Ich sehe für Politiker dennoch einen Unterschied darin, ob
– ein Politiker wie Herr Lindner (so interpretiere und verstehe ich es zumindest) sich recht billig aus der Verantwortung für die mitverschuldeten Probleme schleicht, oder
– ob ein politischer Entscheidungsträger wie Herr Wulff unter nicht ganz astreinen Umständen Geld nimmt von einem, der unter bestimmten Unständen Nutznießer politischer Entscheidungen sein könnte und das verschweigt, oder
– ob jemand aus einer bestimmten Situation heraus einen Fehler macht, den anderen auch schon begangen haben, ohne dass das irgendetwas mit Politik o.ä. zu tun hat.

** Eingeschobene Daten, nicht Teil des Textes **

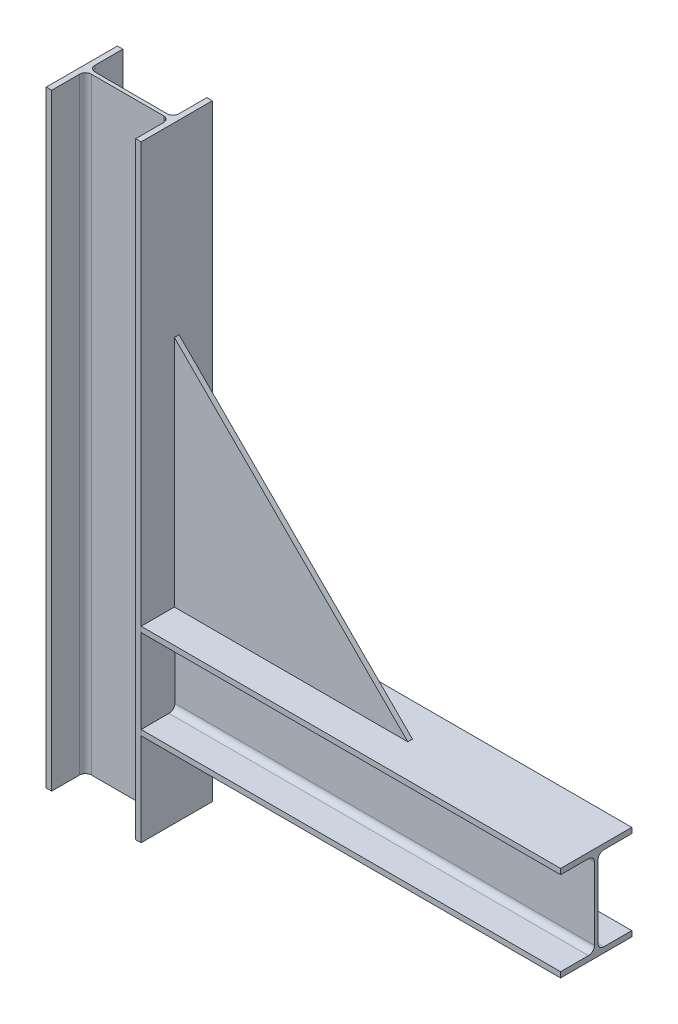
from build123d import *

# Parameters (mm, degrees)
AL_I_BEAM_AL_I_BEAM_4X2_31_1_DEPTH   = 650
AL_I_BEAM_AL_I_BEAM_4X2_31_1_2_DEPTH = 501
GUSSET1_THICKNESS                    = 5


with BuildPart() as part:
    # Sketch12 → Al i beam AL I BEAM 4X2.31_1 (new body)
    with BuildSketch(Plane(origin=(0, 500, 0), x_dir=(0, 0, 1), z_dir=(0, -1, 0))):
        with BuildLine():
            Line((-38.1, -50.8), (-38.1, -44.958))
            Line((-38.1, -44.958), (-8.255, -44.958))
            ThreePointArc((-8.255, -44.958), (-3.764871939, -43.098128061), (-1.905, -38.608))
            Line((-1.905, -38.608), (-1.905, 38.608))
            ThreePointArc((-1.905, 38.608), (-3.764871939, 43.098128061), (-8.255, 44.958))
            Line((-8.255, 44.958), (-38.1, 44.958))
            Line((-38.1, 44.958), (-38.1, 50.8))
            Line((-38.1, 50.8), (38.1, 50.8))
            Line((38.1, 50.8), (38.1, 44.958))
            Line((38.1, 44.958), (8.255, 44.958))
            ThreePointArc((8.255, 44.958), (3.764871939, 43.098128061), (1.905, 38.608))
            Line((1.905, 38.608), (1.905, -38.608))
            ThreePointArc((1.905, -38.608), (3.764871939, -43.098128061), (8.255, -44.958))
            Line((8.255, -44.958), (38.1, -44.958))
            Line((38.1, -44.958), (38.1, -50.8))
            Line((38.1, -50.8), (-38.1, -50.8))
        make_face()
    extrude(amount=AL_I_BEAM_AL_I_BEAM_4X2_31_1_DEPTH)


with BuildPart() as body_2:
    # Sketch12 on segment 2 (on carried to segment 2) → Al i beam AL I BEAM 4X2.31_1 2 (new body)
    with BuildSketch(Plane(origin=(-1, 0, 0), x_dir=(0, 0, 1), z_dir=(1, 0, 0))):
        with BuildLine():
            Line((-38.1, -50.8), (-38.1, -44.958))
            Line((-38.1, -44.958), (-8.255, -44.958))
            ThreePointArc((-8.255, -44.958), (-3.764871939, -43.098128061), (-1.905, -38.608))
            Line((-1.905, -38.608), (-1.905, 38.608))
            ThreePointArc((-1.905, 38.608), (-3.764871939, 43.098128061), (-8.255, 44.958))
            Line((-8.255, 44.958), (-38.1, 44.958))
            Line((-38.1, 44.958), (-38.1, 50.8))
            Line((-38.1, 50.8), (38.1, 50.8))
            Line((38.1, 50.8), (38.1, 44.958))
            Line((38.1, 44.958), (8.255, 44.958))
            ThreePointArc((8.255, 44.958), (3.764871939, 43.098128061), (1.905, 38.608))
            Line((1.905, 38.608), (1.905, -38.608))
            ThreePointArc((1.905, -38.608), (3.764871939, -43.098128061), (8.255, -44.958))
            Line((8.255, -44.958), (38.1, -44.958))
            Line((38.1, -44.958), (38.1, -50.8))
            Line((38.1, -50.8), (-38.1, -50.8))
        make_face()
    extrude(amount=AL_I_BEAM_AL_I_BEAM_4X2_31_1_2_DEPTH)

    # Al i beam AL I BEAM 4X2.31_1 2 end butt
    split(bisect_by=Plane.YZ.offset(50.8), keep=Keep.TOP)


with BuildPart() as body_3:
    # Gusset1: a gusset: a plate 5.0 thick in the corner of two members, its outline drawn in place
    gusset1_outline = Wire([Line((50.8, 50.8, -2.5), (50.8, 300.8, -2.5)), Line((50.8, 300.8, -2.5), (300.8, 50.8, -2.5)), Line((300.8, 50.8, -2.5), (50.8, 50.8, -2.5))])
    add(extrude(Face(gusset1_outline), amount=GUSSET1_THICKNESS, dir=(0, 0, 1)))


solid = Compound([part.part, body_2.part, body_3.part])

Ich kann die Situation, in der Herr Döring so handelte, nicht beurteilen. Ich kann mir beispielsweise vorstellen, wenn es des Nachts, dunkel und vielleicht nass war, und es dann Spiegel an Spiegel knallt, dass man nach ein paar Metern anhält, sich die anderen Autos anschaut, nichts findet, und erst bei Tageslicht merkt, dass da etwas mehr gewesen sein muss o.ä.

Soll nicht heißen, dass es so war (ich weiß das wirklich nicht), oder dass es irgendetwas entschuldigt, sondern nur, dass ich die näheren Umstände zum einen nicht kenne und zum anderen der FDP daraus keinen Strick drehen will. Da gibt es wichtigere Themen.